EXERCISE DETAILS
All pictures must be left out as you transcribe the lines from the first line of the data to the line containing "#46=CARTESIAN_POINT('',(1.5,-1.5,1200.));", both included.

RECORDS SUPPLIED

:::

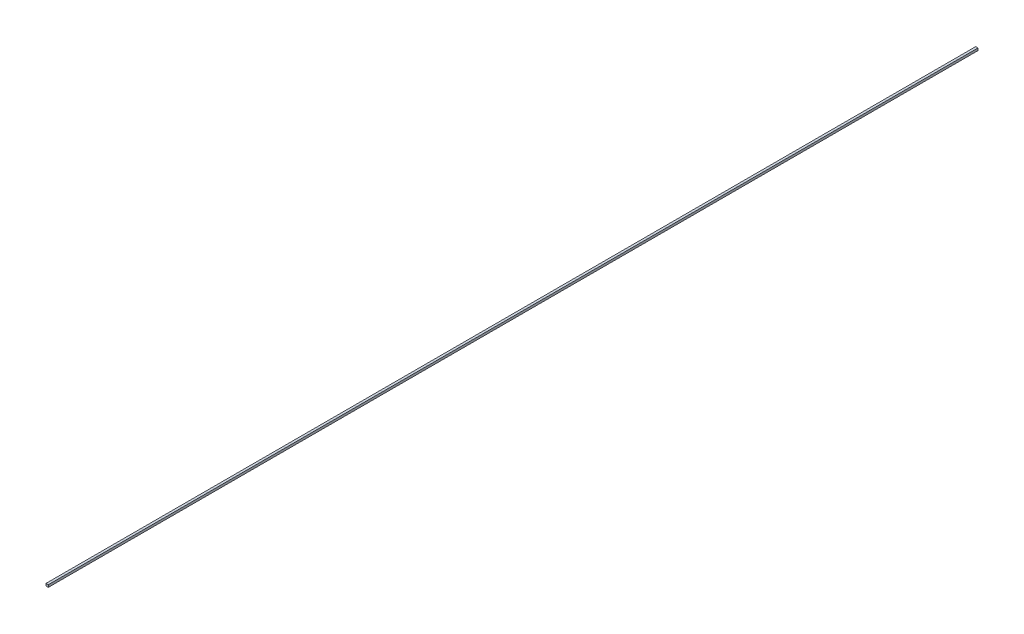
ISO-10303-21;
HEADER;
FILE_DESCRIPTION(('STEP AP214'),'2;1');
FILE_NAME('part.step','',(''),(''),'','','');
FILE_SCHEMA(('AUTOMOTIVE_DESIGN { 1 0 10303 214 1 1 1 1 }'));
ENDSEC;
DATA;
#1=APPLICATION_CONTEXT('core data for automotive mechanical design processes');
#2=APPLICATION_PROTOCOL_DEFINITION('international standard','automotive_design',2000,#1);
#3=PRODUCT_CONTEXT('',#1,'mechanical');
#4=PRODUCT('Part','Part','',(#3));
#5=PRODUCT_RELATED_PRODUCT_CATEGORY('part','',(#4));
#6=PRODUCT_DEFINITION_FORMATION('','',#4);
#7=PRODUCT_DEFINITION_CONTEXT('part definition',#1,'design');
#8=PRODUCT_DEFINITION('design','',#6,#7);
#9=PRODUCT_DEFINITION_SHAPE('','',#8);
#10=(LENGTH_UNIT() NAMED_UNIT(*) SI_UNIT(.MILLI.,.METRE.));
#11=(NAMED_UNIT(*) PLANE_ANGLE_UNIT() SI_UNIT($,.RADIAN.));
#12=(NAMED_UNIT(*) SI_UNIT($,.STERADIAN.) SOLID_ANGLE_UNIT());
#13=UNCERTAINTY_MEASURE_WITH_UNIT(LENGTH_MEASURE(1.E-05),#10,'distance_accuracy_value','');
#14=(GEOMETRIC_REPRESENTATION_CONTEXT(3) GLOBAL_UNCERTAINTY_ASSIGNED_CONTEXT((#13)) GLOBAL_UNIT_ASSIGNED_CONTEXT((#10,
#11,#12)) REPRESENTATION_CONTEXT('',''));
#15=CARTESIAN_POINT('',(0.,0.,0.));
#16=DIRECTION('',(0.,0.,1.));
#17=DIRECTION('',(1.,0.,0.));
#18=AXIS2_PLACEMENT_3D('',#15,#16,#17);
#19=CARTESIAN_POINT('',(1.5,1.5,1200.));
#20=DIRECTION('',(-1.,0.,0.));
#21=DIRECTION('',(0.,-1.,0.));
#22=AXIS2_PLACEMENT_3D('',#19,#20,#21);
#23=PLANE('',#22);
#24=DIRECTION('',(0.,1.,0.));
#25=VECTOR('',#24,1.);
#26=CARTESIAN_POINT('',(1.5,1.5,0.));
#27=LINE('',#26,#25);
#28=CARTESIAN_POINT('',(1.5,-1.5,0.));
#29=VERTEX_POINT('',#28);
#30=CARTESIAN_POINT('',(1.5,1.5,0.));
#31=VERTEX_POINT('',#30);
#32=EDGE_CURVE('E111',#29,#31,#27,.T.);
#33=ORIENTED_EDGE('',*,*,#32,.T.);
#34=DIRECTION('',(0.,0.,-1.));
#35=VECTOR('',#34,1.);
#36=CARTESIAN_POINT('',(1.5,1.5,1200.));
#37=LINE('',#36,#35);
#38=CARTESIAN_POINT('',(1.5,1.5,1200.));
#39=VERTEX_POINT('',#38);
#40=EDGE_CURVE('E11',#39,#31,#37,.T.);
#41=ORIENTED_EDGE('',*,*,#40,.F.);
#42=DIRECTION('',(0.,1.,0.));
#43=VECTOR('',#42,1.);
#44=CARTESIAN_POINT('',(1.5,1.5,1200.));
#45=LINE('',#44,#43);
#46=CARTESIAN_POINT('',(1.5,-1.5,1200.));
#47=VERTEX_POINT('',#46);
#48=EDGE_CURVE('E95',#47,#39,#45,.T.);
#49=ORIENTED_EDGE('',*,*,#48,.F.);
#50=DIRECTION('',(0.,0.,-1.));
#51=VECTOR('',#50,1.);
#52=CARTESIAN_POINT('',(1.5,-1.5,1200.));
#53=LINE('',#52,#51);
#54=EDGE_CURVE('E107',#47,#29,#53,.T.);
#55=ORIENTED_EDGE('',*,*,#54,.T.);
#56=EDGE_LOOP('',(#33,#41,#49,#55));
#57=FACE_BOUND('',#56,.T.);
#58=ADVANCED_FACE('F43',(#57),#23,.F.);
#59=CARTESIAN_POINT('',(-1.5,1.5,1200.));
#60=DIRECTION('',(0.,-1.,0.));
#61=DIRECTION('',(0.,0.,-1.));
#62=AXIS2_PLACEMENT_3D('',#59,#60,#61);
#63=PLANE('',#62);
#64=DIRECTION('',(-1.,0.,0.));
#65=VECTOR('',#64,1.);
#66=CARTESIAN_POINT('',(-1.5,1.5,0.));
#67=LINE('',#66,#65);
#68=CARTESIAN_POINT('',(-1.5,1.5,0.));
#69=VERTEX_POINT('',#68);
#70=EDGE_CURVE('E100',#31,#69,#67,.T.);
#71=ORIENTED_EDGE('',*,*,#70,.T.);
#72=DIRECTION('',(0.,0.,-1.));
#73=VECTOR('',#72,1.);
#74=CARTESIAN_POINT('',(-1.5,1.5,1200.));
#75=LINE('',#74,#73);
#76=CARTESIAN_POINT('',(-1.5,1.5,1200.));
#77=VERTEX_POINT('',#76);
#78=EDGE_CURVE('E52',#77,#69,#75,.T.);
#79=ORIENTED_EDGE('',*,*,#78,.F.);
#80=DIRECTION('',(-1.,0.,0.));
#81=VECTOR('',#80,1.);
#82=CARTESIAN_POINT('',(-1.5,1.5,1200.));
#83=LINE('',#82,#81);
#84=EDGE_CURVE('E90',#39,#77,#83,.T.);
#85=ORIENTED_EDGE('',*,*,#84,.F.);
#86=ORIENTED_EDGE('',*,*,#40,.T.);
#87=EDGE_LOOP('',(#71,#79,#85,#86));
#88=FACE_BOUND('',#87,.T.);
#89=ADVANCED_FACE('F99',(#88),#63,.F.);
#90=CARTESIAN_POINT('',(-1.5,1.5,1200.));
#91=DIRECTION('',(1.,0.,0.));
#92=DIRECTION('',(0.,1.,0.));
#93=AXIS2_PLACEMENT_3D('',#90,#91,#92);
#94=PLANE('',#93);
#95=DIRECTION('',(0.,-1.,0.));
#96=VECTOR('',#95,1.);
#97=CARTESIAN_POINT('',(-1.5,1.5,0.));
#98=LINE('',#97,#96);
#99=CARTESIAN_POINT('',(-1.5,-1.5,0.));
#100=VERTEX_POINT('',#99);
#101=EDGE_CURVE('E77',#69,#100,#98,.T.);
#102=ORIENTED_EDGE('',*,*,#101,.T.);
#103=DIRECTION('',(0.,0.,-1.));
#104=VECTOR('',#103,1.);
#105=CARTESIAN_POINT('',(-1.5,-1.5,1200.));
#106=LINE('',#105,#104);
#107=CARTESIAN_POINT('',(-1.5,-1.5,1200.));
#108=VERTEX_POINT('',#107);
#109=EDGE_CURVE('E102',#108,#100,#106,.T.);
#110=ORIENTED_EDGE('',*,*,#109,.F.);
#111=DIRECTION('',(0.,-1.,0.));
#112=VECTOR('',#111,1.);
#113=CARTESIAN_POINT('',(-1.5,1.5,1200.));
#114=LINE('',#113,#112);
#115=EDGE_CURVE('E93',#77,#108,#114,.T.);
#116=ORIENTED_EDGE('',*,*,#115,.F.);
#117=ORIENTED_EDGE('',*,*,#78,.T.);
#118=EDGE_LOOP('',(#102,#110,#116,#117));
#119=FACE_BOUND('',#118,.T.);
#120=ADVANCED_FACE('F103',(#119),#94,.F.);
#121=CARTESIAN_POINT('',(-1.5,-1.5,1200.));
#122=DIRECTION('',(0.,1.,0.));
#123=DIRECTION('',(0.,0.,1.));
#124=AXIS2_PLACEMENT_3D('',#121,#122,#123);
#125=PLANE('',#124);
#126=DIRECTION('',(1.,0.,0.));
#127=VECTOR('',#126,1.);
#128=CARTESIAN_POINT('',(-1.5,-1.5,0.));
#129=LINE('',#128,#127);
#130=EDGE_CURVE('E83',#100,#29,#129,.T.);
#131=ORIENTED_EDGE('',*,*,#130,.T.);
#132=ORIENTED_EDGE('',*,*,#54,.F.);
#133=DIRECTION('',(1.,0.,0.));
#134=VECTOR('',#133,1.);
#135=CARTESIAN_POINT('',(-1.5,-1.5,1200.));
#136=LINE('',#135,#134);
#137=EDGE_CURVE('E60',#108,#47,#136,.T.);
#138=ORIENTED_EDGE('',*,*,#137,.F.);
#139=ORIENTED_EDGE('',*,*,#109,.T.);
#140=EDGE_LOOP('',(#131,#132,#138,#139));
#141=FACE_BOUND('',#140,.T.);
#142=ADVANCED_FACE('F124',(#141),#125,.F.);
#143=CARTESIAN_POINT('',(0.,0.,1200.));
#144=DIRECTION('',(0.,0.,1.));
#145=DIRECTION('',(1.,0.,0.));
#146=AXIS2_PLACEMENT_3D('',#143,#144,#145);
#147=PLANE('',#146);
#148=ORIENTED_EDGE('',*,*,#48,.T.);
#149=ORIENTED_EDGE('',*,*,#84,.T.);
#150=ORIENTED_EDGE('',*,*,#115,.T.);
#151=ORIENTED_EDGE('',*,*,#137,.T.);
#152=EDGE_LOOP('',(#148,#149,#150,#151));
#153=FACE_BOUND('',#152,.T.);
#154=ADVANCED_FACE('F91',(#153),#147,.T.);
#155=CARTESIAN_POINT('',(0.,0.,0.));
#156=DIRECTION('',(0.,0.,1.));
#157=DIRECTION('',(1.,0.,0.));
#158=AXIS2_PLACEMENT_3D('',#155,#156,#157);
#159=PLANE('',#158);
#160=ORIENTED_EDGE('',*,*,#32,.F.);
#161=ORIENTED_EDGE('',*,*,#130,.F.);
#162=ORIENTED_EDGE('',*,*,#101,.F.);
#163=ORIENTED_EDGE('',*,*,#70,.F.);
#164=EDGE_LOOP('',(#160,#161,#162,#163));
#165=FACE_BOUND('',#164,.T.);
#166=ADVANCED_FACE('F127',(#165),#159,.F.);
#167=CLOSED_SHELL('',(#58,#89,#120,#142,#154,#166));
#168=MANIFOLD_SOLID_BREP('B2',#167);
#169=ADVANCED_BREP_SHAPE_REPRESENTATION('',(#18,#168),#14);
#170=SHAPE_DEFINITION_REPRESENTATION(#9,#169);
ENDSEC;
END-ISO-10303-21;

:::

TASK SOLUTION
ISO-10303-21;
HEADER;
FILE_DESCRIPTION(('STEP AP214'),'2;1');
FILE_NAME('part.step','',(''),(''),'','','');
FILE_SCHEMA(('AUTOMOTIVE_DESIGN { 1 0 10303 214 1 1 1 1 }'));
ENDSEC;
DATA;
#1=APPLICATION_CONTEXT('core data for automotive mechanical design processes');
#2=APPLICATION_PROTOCOL_DEFINITION('international standard','automotive_design',2000,#1);
#3=PRODUCT_CONTEXT('',#1,'mechanical');
#4=PRODUCT('Part','Part','',(#3));
#5=PRODUCT_RELATED_PRODUCT_CATEGORY('part','',(#4));
#6=PRODUCT_DEFINITION_FORMATION('','',#4);
#7=PRODUCT_DEFINITION_CONTEXT('part definition',#1,'design');
#8=PRODUCT_DEFINITION('design','',#6,#7);
#9=PRODUCT_DEFINITION_SHAPE('','',#8);
#10=(LENGTH_UNIT() NAMED_UNIT(*) SI_UNIT(.MILLI.,.METRE.));
#11=(NAMED_UNIT(*) PLANE_ANGLE_UNIT() SI_UNIT($,.RADIAN.));
#12=(NAMED_UNIT(*) SI_UNIT($,.STERADIAN.) SOLID_ANGLE_UNIT());
#13=UNCERTAINTY_MEASURE_WITH_UNIT(LENGTH_MEASURE(1.E-05),#10,'distance_accuracy_value','');
#14=(GEOMETRIC_REPRESENTATION_CONTEXT(3) GLOBAL_UNCERTAINTY_ASSIGNED_CONTEXT((#13)) GLOBAL_UNIT_ASSIGNED_CONTEXT((#10,
#11,#12)) REPRESENTATION_CONTEXT('',''));
#15=CARTESIAN_POINT('',(0.,0.,0.));
#16=DIRECTION('',(0.,0.,1.));
#17=DIRECTION('',(1.,0.,0.));
#18=AXIS2_PLACEMENT_3D('',#15,#16,#17);
#19=CARTESIAN_POINT('',(1.5,1.5,1200.));
#20=DIRECTION('',(-1.,0.,0.));
#21=DIRECTION('',(0.,-1.,0.));
#22=AXIS2_PLACEMENT_3D('',#19,#20,#21);
#23=PLANE('',#22);
#24=DIRECTION('',(0.,1.,0.));
#25=VECTOR('',#24,1.);
#26=CARTESIAN_POINT('',(1.5,1.5,0.));
#27=LINE('',#26,#25);
#28=CARTESIAN_POINT('',(1.5,-1.5,0.));
#29=VERTEX_POINT('',#28);
#30=CARTESIAN_POINT('',(1.5,1.5,0.));
#31=VERTEX_POINT('',#30);
#32=EDGE_CURVE('E111',#29,#31,#27,.T.);
#33=ORIENTED_EDGE('',*,*,#32,.T.);
#34=DIRECTION('',(0.,0.,-1.));
#35=VECTOR('',#34,1.);
#36=CARTESIAN_POINT('',(1.5,1.5,1200.));
#37=LINE('',#36,#35);
#38=CARTESIAN_POINT('',(1.5,1.5,1200.));
#39=VERTEX_POINT('',#38);
#40=EDGE_CURVE('E11',#39,#31,#37,.T.);
#41=ORIENTED_EDGE('',*,*,#40,.F.);
#42=DIRECTION('',(0.,1.,0.));
#43=VECTOR('',#42,1.);
#44=CARTESIAN_POINT('',(1.5,1.5,1200.));
#45=LINE('',#44,#43);
#46=CARTESIAN_POINT('',(1.5,-1.5,1200.));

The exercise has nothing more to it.